PySpark Script

The PySpark Script Component allows users to write, manage, and execute custom PySpark scripts within a pipeline. It supports both user-defined scripts and scripts exported from DSLab notebooks, enabling distributed data processing at scale.

Key Capabilities

  • Run custom PySpark scripts directly in the pipeline.

  • Import and execute scripts exported from DSLab notebooks.

  • Manage scripts with Push/Pull to VCS for version control.

  • Accepts input in DataFrame or List of Dictionary format.

  • Use external PySpark libraries by specifying them in configuration.

Configuration Overview

All PySpark Script configurations are grouped into:

  • Basic Information

  • Meta Information

  • Resource Configuration

Configuring Meta Information

Component Name

  • Provide a unique name for the component.

  • Restrictions:

    • No spaces or special characters (use _ for spacing).

    • Must not be "test" or start with "test" (reserved for backend processes).

Start Function Name

  • Displays all function names from the PySpark script.

  • Select one as the entry point.

In Event Data Type

  • Select the format of input data:

    • DataFrame

    • List of Dictionary

External Libraries

  • Specify additional PySpark libraries required in the script.

  • Multiple libraries can be entered, separated by commas.

Execution Type

Two execution modes are supported:

  1. Custom Script

    • Write your own PySpark script directly in the Script field.

    • Requirements:

      • Must contain at least one function.

      • Functions must be validated using Validate Script.

    • Start Function – Select which function to execute.

    • Input Data – Define key-value pairs for function parameters.

  2. DSLab Script

    • Execute a script exported from a DSLab notebook.

    • Required fields:

      • Project Name – Select the project containing the notebook.

      • Script Name – Choose the exported notebook script.

      • Start Function – Select the entry-point function.

    • The exported script appears in the editor and can be validated.

    • Input Data – Pass parameters as key-value pairs.

VCS Integration

  • Pull Script from VCS – Retrieve a previously committed script version.

  • Push Script to VCS – Commit the current script with a version tag and commit message.

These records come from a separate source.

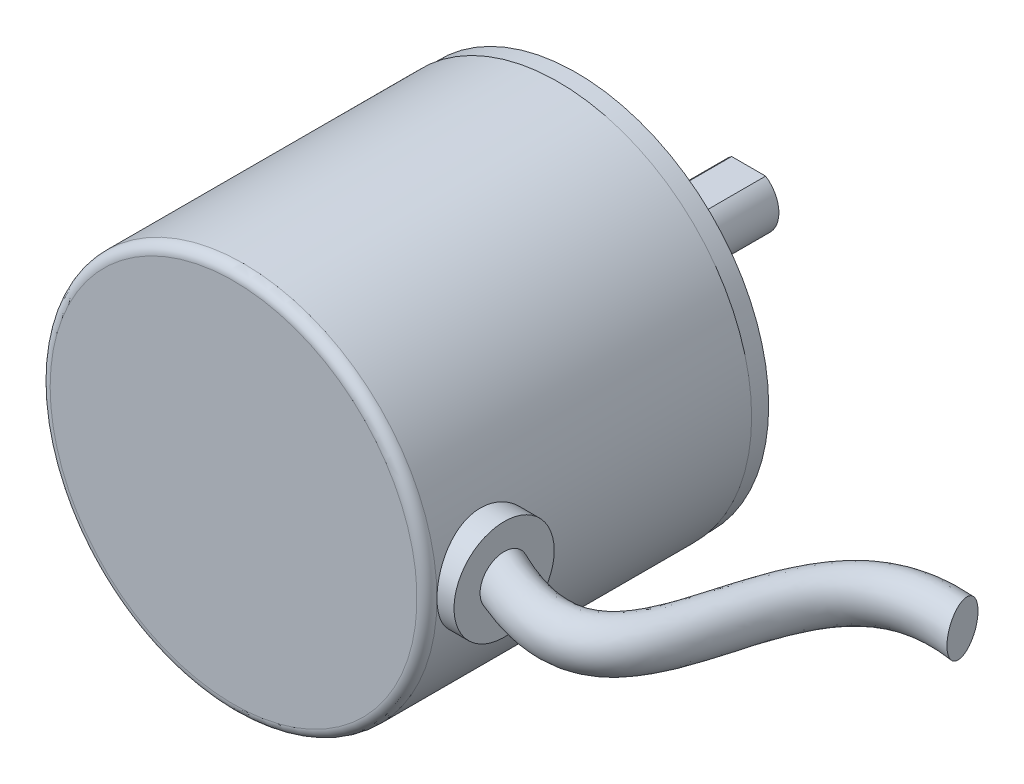
ISO-10303-21;
HEADER;
FILE_DESCRIPTION(('STEP AP214'),'2;1');
FILE_NAME('part.step','',(''),(''),'','','');
FILE_SCHEMA(('AUTOMOTIVE_DESIGN { 1 0 10303 214 1 1 1 1 }'));
ENDSEC;
DATA;
#1=APPLICATION_CONTEXT('core data for automotive mechanical design processes');
#2=APPLICATION_PROTOCOL_DEFINITION('international standard','automotive_design',2000,#1);
#3=PRODUCT_CONTEXT('',#1,'mechanical');
#4=PRODUCT('Part','Part','',(#3));
#5=PRODUCT_RELATED_PRODUCT_CATEGORY('part','',(#4));
#6=PRODUCT_DEFINITION_FORMATION('','',#4);
#7=PRODUCT_DEFINITION_CONTEXT('part definition',#1,'design');
#8=PRODUCT_DEFINITION('design','',#6,#7);
#9=PRODUCT_DEFINITION_SHAPE('','',#8);
#10=(LENGTH_UNIT() NAMED_UNIT(*) SI_UNIT(.MILLI.,.METRE.));
#11=(NAMED_UNIT(*) PLANE_ANGLE_UNIT() SI_UNIT($,.RADIAN.));
#12=(NAMED_UNIT(*) SI_UNIT($,.STERADIAN.) SOLID_ANGLE_UNIT());
#13=UNCERTAINTY_MEASURE_WITH_UNIT(LENGTH_MEASURE(1.E-05),#10,'distance_accuracy_value','');
#14=(GEOMETRIC_REPRESENTATION_CONTEXT(3) GLOBAL_UNCERTAINTY_ASSIGNED_CONTEXT((#13)) GLOBAL_UNIT_ASSIGNED_CONTEXT((#10,
#11,#12)) REPRESENTATION_CONTEXT('',''));
#15=CARTESIAN_POINT('',(0.,0.,0.));
#16=DIRECTION('',(0.,0.,1.));
#17=DIRECTION('',(1.,0.,0.));
#18=AXIS2_PLACEMENT_3D('',#15,#16,#17);
#19=CARTESIAN_POINT('',(0.,0.,0.));
#20=DIRECTION('',(0.,0.,1.));
#21=DIRECTION('',(1.,0.,0.));
#22=AXIS2_PLACEMENT_3D('',#19,#20,#21);
#23=CYLINDRICAL_SURFACE('',#22,19.3);
#24=CARTESIAN_POINT('',(0.,0.,-32.4));
#25=DIRECTION('',(0.,0.,1.));
#26=DIRECTION('',(1.,0.,0.));
#27=AXIS2_PLACEMENT_3D('',#24,#25,#26);
#28=CIRCLE('',#27,19.3);
#29=CARTESIAN_POINT('',(19.3,0.,-32.4));
#30=VERTEX_POINT('',#29);
#31=EDGE_CURVE('E119',#30,#30,#28,.T.);
#32=ORIENTED_EDGE('',*,*,#31,.T.);
#33=EDGE_LOOP('',(#32));
#34=FACE_BOUND('',#33,.T.);
#35=CARTESIAN_POINT('',(19.3,0.,-11.));
#36=CARTESIAN_POINT('',(19.2999955823132,0.275922296854778,-10.9999928770508));
#37=CARTESIAN_POINT('',(19.2940243522415,0.551922372861501,-10.9770833661282));
#38=CARTESIAN_POINT('',(19.2707832217401,1.09599052706957,-10.886201236279));
#39=CARTESIAN_POINT('',(19.2535074372038,1.36405439842268,-10.8182051492006));
#40=CARTESIAN_POINT('',(19.2095668815945,1.88431656958455,-10.6394946857354));
#41=CARTESIAN_POINT('',(19.1829138368732,2.1365342230973,-10.5288336457832));
#42=CARTESIAN_POINT('',(19.1230455895967,2.61882826887126,-10.2681276234945));
#43=CARTESIAN_POINT('',(19.0898300486462,2.84890351844845,-10.1180806100878));
#44=CARTESIAN_POINT('',(19.0196154495822,3.28544118051561,-9.77937747318028));
#45=CARTESIAN_POINT('',(18.9825546076903,3.49134729127922,-9.5900171431324));
#46=CARTESIAN_POINT('',(18.9092294286999,3.86886347852799,-9.17956906483793));
#47=CARTESIAN_POINT('',(18.8729651886307,4.04046939750563,-8.95847747603593));
#48=CARTESIAN_POINT('',(18.8047114585131,4.34718172860453,-8.48645852332762));
#49=CARTESIAN_POINT('',(18.7728001472016,4.48165636257465,-8.23510829957842));
#50=CARTESIAN_POINT('',(18.7177704081012,4.70622258399684,-7.71240743511189));
#51=CARTESIAN_POINT('',(18.6946504598122,4.79632184713577,-7.44106026264381));
#52=CARTESIAN_POINT('',(18.6604577314213,4.92766356036293,-6.89220895257353));
#53=CARTESIAN_POINT('',(18.6491376084621,4.96991077872982,-6.6149610354263));
#54=CARTESIAN_POINT('',(18.6390866109142,5.00748039103332,-6.05709956854782));
#55=CARTESIAN_POINT('',(18.640353526134,5.00281102317686,-5.77648661833454));
#56=CARTESIAN_POINT('',(18.6551116320814,4.94747953237369,-5.22763695769754));
#57=CARTESIAN_POINT('',(18.668281957902,4.89802456858564,-4.95926856071223));
#58=CARTESIAN_POINT('',(18.7048502811364,4.75645556426157,-4.43477415516337));
#59=CARTESIAN_POINT('',(18.7282490549199,4.66433828549686,-4.17864907754173));
#60=CARTESIAN_POINT('',(18.782925670159,4.4390550781482,-3.68272337186734));
#61=CARTESIAN_POINT('',(18.8142854052177,4.30545906400802,-3.44312752722263));
#62=CARTESIAN_POINT('',(18.8813054514343,4.00131106442746,-2.98932633069684));
#63=CARTESIAN_POINT('',(18.9169665653326,3.83075217608312,-2.77512573301329));
#64=CARTESIAN_POINT('',(18.9899140179257,3.45131027480728,-2.37128865501125));
#65=CARTESIAN_POINT('',(19.0272166358165,3.24141121656524,-2.18260850646035));
#66=CARTESIAN_POINT('',(19.0982594663905,2.7924989573545,-1.84293677781641));
#67=CARTESIAN_POINT('',(19.1319995538198,2.55348473336963,-1.69194652259743));
#68=CARTESIAN_POINT('',(19.1923044100216,2.05169995380134,-1.43155219368105));
#69=CARTESIAN_POINT('',(19.2188406202885,1.78884020273117,-1.32231295665176));
#70=CARTESIAN_POINT('',(19.261540870389,1.2476446713342,-1.14984575448703));
#71=CARTESIAN_POINT('',(19.2777070453288,0.969312089570021,-1.08660831759461));
#72=CARTESIAN_POINT('',(19.2975260496811,0.413240156975407,-1.00942230946256));
#73=CARTESIAN_POINT('',(19.3015091358126,0.135692917961652,-0.994172559703715));
#74=CARTESIAN_POINT('',(19.2974585703999,-0.417990665941433,-1.00981283524772));
#75=CARTESIAN_POINT('',(19.2894260861606,-0.694127145270174,-1.04069837853592));
#76=CARTESIAN_POINT('',(19.2624594750327,-1.23256340285446,-1.14666270598067));
#77=CARTESIAN_POINT('',(19.2437026678951,-1.49501425095196,-1.22102310195635));
#78=CARTESIAN_POINT('',(19.1974084064744,-2.00369685340097,-1.41099842811989));
#79=CARTESIAN_POINT('',(19.1698700292998,-2.24992689975833,-1.52661769452475));
#80=CARTESIAN_POINT('',(19.1082854087713,-2.72429044183067,-1.79829222998792));
#81=CARTESIAN_POINT('',(19.074126819279,-2.95199803647117,-1.95506506037911));
#82=CARTESIAN_POINT('',(19.0032537620583,-3.37833276890095,-2.30368750108891));
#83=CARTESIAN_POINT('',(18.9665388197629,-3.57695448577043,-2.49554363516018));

Custom PySpark Script Example

import pandas as pd
import numpy as np
import json
from datetime import datetime
 
def a():
    data = {
        'Lists': [[1, 2, 3], [4, 5], [6]],
        'JSON': [json.dumps({"name": "Alice", "age": 30}),
                 json.dumps({"name": "Bob", "age": 25}),
                 json.dumps({"name": "Charlie", "age": 35})],
        'Numbers': [10, 20, 30],
        'Timestamps': [datetime.now(), datetime.now(), datetime.now()]
    }
 
    # Create DataFrame
    df = pd.DataFrame(data)
 
    # Return the DataFrame for pipeline use
    return df

In this example:

  • A pandas DataFrame is created with lists, JSON objects, numbers, and timestamps.

  • The function returns the DataFrame for downstream pipeline processing.

Best Practices

  • Define functions clearly and validate them before saving.

  • Keep external libraries lightweight to avoid performance issues.

  • Use VCS versioning to manage and rollback scripts easily.

  • Ensure the input data type matches the expected schema of the script.

Example Use Cases

  • Clean and transform large datasets using PySpark operations.

  • Parse and flatten semi-structured JSON data.

  • Enrich datasets with external data sources.

  • Apply statistical computations or machine learning preprocessing before model training.